Well, thank you for reminding me about them. I went over and from what i have read that is normal. Now, I need to read if there is more to do to the candles so they won't do that or just realize it will always happen. I have to admit that I kind of like it on my pinkish/reddish candles, but I am not to sure how it would look on my purple or green candle.  

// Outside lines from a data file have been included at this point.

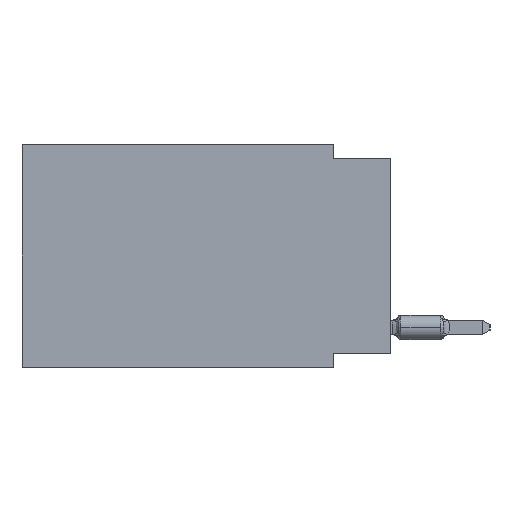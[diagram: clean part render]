
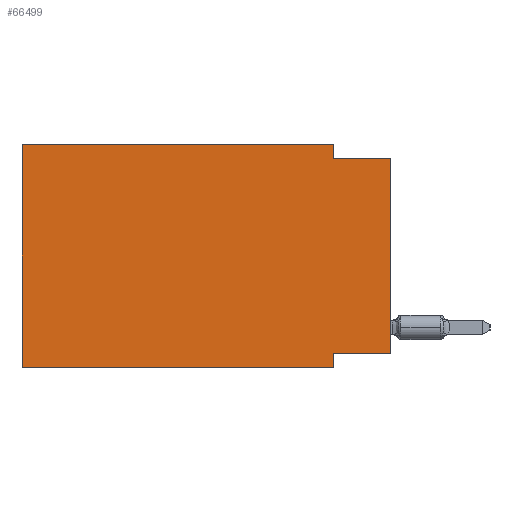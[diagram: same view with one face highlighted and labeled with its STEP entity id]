
A CAD part, left-side view. The second image highlights one B-rep face of the part: STEP entity #66499.
In plain terms, the highlighted planar face has unit normal (-1, 0, 0).
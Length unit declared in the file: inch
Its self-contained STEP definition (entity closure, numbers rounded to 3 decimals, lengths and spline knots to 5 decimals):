
#409 = VECTOR ( 'NONE', #45794, 39.37008 ) ;
#1392 = CARTESIAN_POINT ( 'NONE',  ( 0., 0., -0.025 ) ) ;
#3590 = CARTESIAN_POINT ( 'NONE',  ( 0., 0., -0.365 ) ) ;
#4060 = VERTEX_POINT ( 'NONE', #1392 ) ;
#4872 = VECTOR ( 'NONE', #28232, 39.37008 ) ;
#5642 = CARTESIAN_POINT ( 'NONE',  ( 0., 0.645, -0.39 ) ) ;
#5726 = EDGE_CURVE ( 'NONE', #47112, #4060, #42087, .T. ) ;
#6021 = VECTOR ( 'NONE', #6849, 39.37008 ) ;
#6849 = DIRECTION ( 'NONE',  ( 0., 0., 1. ) ) ;
#7807 = CARTESIAN_POINT ( 'NONE',  ( 0., 0.1, 0. ) ) ;
#7918 = VERTEX_POINT ( 'NONE', #19216 ) ;
#11333 = LINE ( 'NONE', #23150, #42885 ) ;
#11719 = LINE ( 'NONE', #62649, #44753 ) ;
#12987 = ORIENTED_EDGE ( 'NONE', *, *, #25244, .F. ) ;
#13896 = ORIENTED_EDGE ( 'NONE', *, *, #14314, .F. ) ;
#14314 = EDGE_CURVE ( 'NONE', #28704, #4060, #14678, .T. ) ;
#14678 = LINE ( 'NONE', #35502, #409 ) ;
#15325 = CARTESIAN_POINT ( 'NONE',  ( 0., 0.1, -0.39 ) ) ;
#16344 = LINE ( 'NONE', #15325, #46763 ) ;
#18073 = DIRECTION ( 'NONE',  ( 0., -1., 0. ) ) ;
#19076 = CARTESIAN_POINT ( 'NONE',  ( 0., 0.645, -0.39 ) ) ;
#19216 = CARTESIAN_POINT ( 'NONE',  ( 0., 0.645, 0. ) ) ;
#20574 = AXIS2_PLACEMENT_3D ( 'NONE', #67005, #50275, #34512 ) ;
#21582 = DIRECTION ( 'NONE',  ( 0., 0., -1. ) ) ;
#22561 = CARTESIAN_POINT ( 'NONE',  ( 0., 0., 0. ) ) ;
#23150 = CARTESIAN_POINT ( 'NONE',  ( 0., 0.1, 0. ) ) ;
#24195 = LINE ( 'NONE', #19076, #44048 ) ;
#25244 = EDGE_CURVE ( 'NONE', #45107, #28704, #11333, .T. ) ;
#26296 = VECTOR ( 'NONE', #18073, 39.37008 ) ;
#28232 = DIRECTION ( 'NONE',  ( 0., 1., 0. ) ) ;
#28336 = CARTESIAN_POINT ( 'NONE',  ( 0., 0.645, 0. ) ) ;
#28688 = ORIENTED_EDGE ( 'NONE', *, *, #5726, .T. ) ;
#28704 = VERTEX_POINT ( 'NONE', #40200 ) ;
#29406 = FACE_OUTER_BOUND ( 'NONE', #37961, .T. ) ;
#31726 = DIRECTION ( 'NONE',  ( 0., 0., -1. ) ) ;
#33342 = CARTESIAN_POINT ( 'NONE',  ( 0., 0., -0.365 ) ) ;
#33345 = EDGE_CURVE ( 'NONE', #35060, #62887, #16344, .T. ) ;
#34512 = DIRECTION ( 'NONE',  ( 0., 0., -1. ) ) ;
#35060 = VERTEX_POINT ( 'NONE', #45319 ) ;
#35502 = CARTESIAN_POINT ( 'NONE',  ( 0., 0., -0.025 ) ) ;
#36336 = EDGE_CURVE ( 'NONE', #7918, #45107, #59773, .T. ) ;
#37961 = EDGE_LOOP ( 'NONE', ( #28688, #13896, #12987, #39523, #52037, #45042, #56055, #58113 ) ) ;
#39523 = ORIENTED_EDGE ( 'NONE', *, *, #36336, .F. ) ;
#39918 = DIRECTION ( 'NONE',  ( 0., -1., 0. ) ) ;
#40200 = CARTESIAN_POINT ( 'NONE',  ( 0., 0.1, -0.025 ) ) ;
#41882 = VERTEX_POINT ( 'NONE', #5642 ) ;
#42087 = LINE ( 'NONE', #22561, #6021 ) ;
#42885 = VECTOR ( 'NONE', #21582, 39.37008 ) ;
#43395 = EDGE_CURVE ( 'NONE', #41882, #7918, #11719, .T. ) ;
#43639 = LINE ( 'NONE', #33342, #4872 ) ;
#44048 = VECTOR ( 'NONE', #39918, 39.37008 ) ;
#44753 = VECTOR ( 'NONE', #63331, 39.37008 ) ;
#45042 = ORIENTED_EDGE ( 'NONE', *, *, #50865, .T. ) ;
#45107 = VERTEX_POINT ( 'NONE', #7807 ) ;
#45319 = CARTESIAN_POINT ( 'NONE',  ( 0., 0.1, -0.365 ) ) ;
#45794 = DIRECTION ( 'NONE',  ( 0., -1., 0. ) ) ;
#46763 = VECTOR ( 'NONE', #31726, 39.37008 ) ;
#47112 = VERTEX_POINT ( 'NONE', #3590 ) ;
#50275 = DIRECTION ( 'NONE',  ( 1., 0., 0. ) ) ;
#50666 = CARTESIAN_POINT ( 'NONE',  ( 0., 0.1, -0.39 ) ) ;
#50865 = EDGE_CURVE ( 'NONE', #41882, #62887, #24195, .T. ) ;
#50943 = PLANE ( 'NONE',  #20574 ) ;
#51632 = EDGE_CURVE ( 'NONE', #47112, #35060, #43639, .T. ) ;
#52037 = ORIENTED_EDGE ( 'NONE', *, *, #43395, .F. ) ;
#56055 = ORIENTED_EDGE ( 'NONE', *, *, #33345, .F. ) ;
#58113 = ORIENTED_EDGE ( 'NONE', *, *, #51632, .F. ) ;
#59773 = LINE ( 'NONE', #28336, #26296 ) ;
#62649 = CARTESIAN_POINT ( 'NONE',  ( 0., 0.645, 0. ) ) ;
#62887 = VERTEX_POINT ( 'NONE', #50666 ) ;
#63331 = DIRECTION ( 'NONE',  ( 0., 0., 1. ) ) ;
#66499 = ADVANCED_FACE ( 'NONE', ( #29406 ), #50943, .F. ) ;
#67005 = CARTESIAN_POINT ( 'NONE',  ( 0., 0.645, 0. ) ) ;

Thanks again for your help!


----------



## Kalne (Oct 25, 2007)

A lot will say that yes, you just need to embrace those things about soy if you want to stick with 100% soy. But I have seen candles marketed as all soy that do not seem to have those issues. So....are they really ALL soy or are there some techniques we just haven't figured out yet? It's so maddening to make a candle that apparently looks perfect only to find later it has 'cosmetic issues'.


----------



## Katarina (Oct 25, 2007)

From what I have read if I pour it at 100 degrees instead of the 135 that I was pouring it at will be better. Also, people say that the add bees wax and that it red is worse at frosting then the others. 

So I'll shall wait and test my other colors to see if that is the case. Because when I did the first test it didn't rost and it was a pink. (Just, one or two drops of red.) The second batch was really red (8-9 drops of red) and that is the one that frosted. and I saw two places where they said the redder it is the more it will frost. 

I am also thinking of not dying my candles. That should help with the frosting as well. :lol


----------



## a4patch (Oct 7, 2009)

I just tried to register on this site (unsuccessfully) You have to have someone refer you to the forum. 

Invalid Referrer Specified was the reason.

Any suggestions?


----------



## adillenal (Feb 6, 2009)

Register on what site?


----------



## a4patch (Oct 7, 2009)

"Yes - go to candletech. They are craftserver now. Some of those chandlers over there will chew you up and spit you out when you are a newbie...but most of them are nice."


----------



## NubianSoaps.com (Oct 26, 2007)

Yep you need to make candles for a year before you ever ever ever think of selling  LOL! :rofl


----------



## Jenny M (Nov 21, 2009)

Oh, I hate candles but I make them. All soy. I got good info from the craftserver site but have never been able to post either. That's ok. I can usually find answers in the archives. i don't get to participate here as much as I want so it's no biggy.

Never pour till 100 degrees. I finally got that thru my head. It makes a difference. What wax are you using? I just bought some Ecosoya CB 135. It's behaving very well so far. I have a tester burning right now. The tops are smooth. The wick seems right. Wicks are the hardest part.

Good luck. Sometimes they are so difficult but they do sell, expecially in the fall & winter.

Jenny


----------



## a4patch (Oct 7, 2009)

I am thinking about sets for christmas gifts. 

cb135 and what wick to use?


----------



## Jenny M (Nov 21, 2009)

I'm using a 6 oz tin with a #2 Simple Soy wick. I have tried a doz wicks & this one works the best. Got them from WSP. I have some very nice glass holders that came from Dollar Tree but have had a devil of a time getting them wicked correctly. I've bought wicks from Peaks, WSP & CS. Makes me crazy. Everything factors in. The container, the wax, the fragrance, the alignment of the stars (well, maybe not that last one but seems like it).


----------



## a4patch (Oct 7, 2009)

I love tins so I would like to use tins.
I will look for the soy wicks.


----------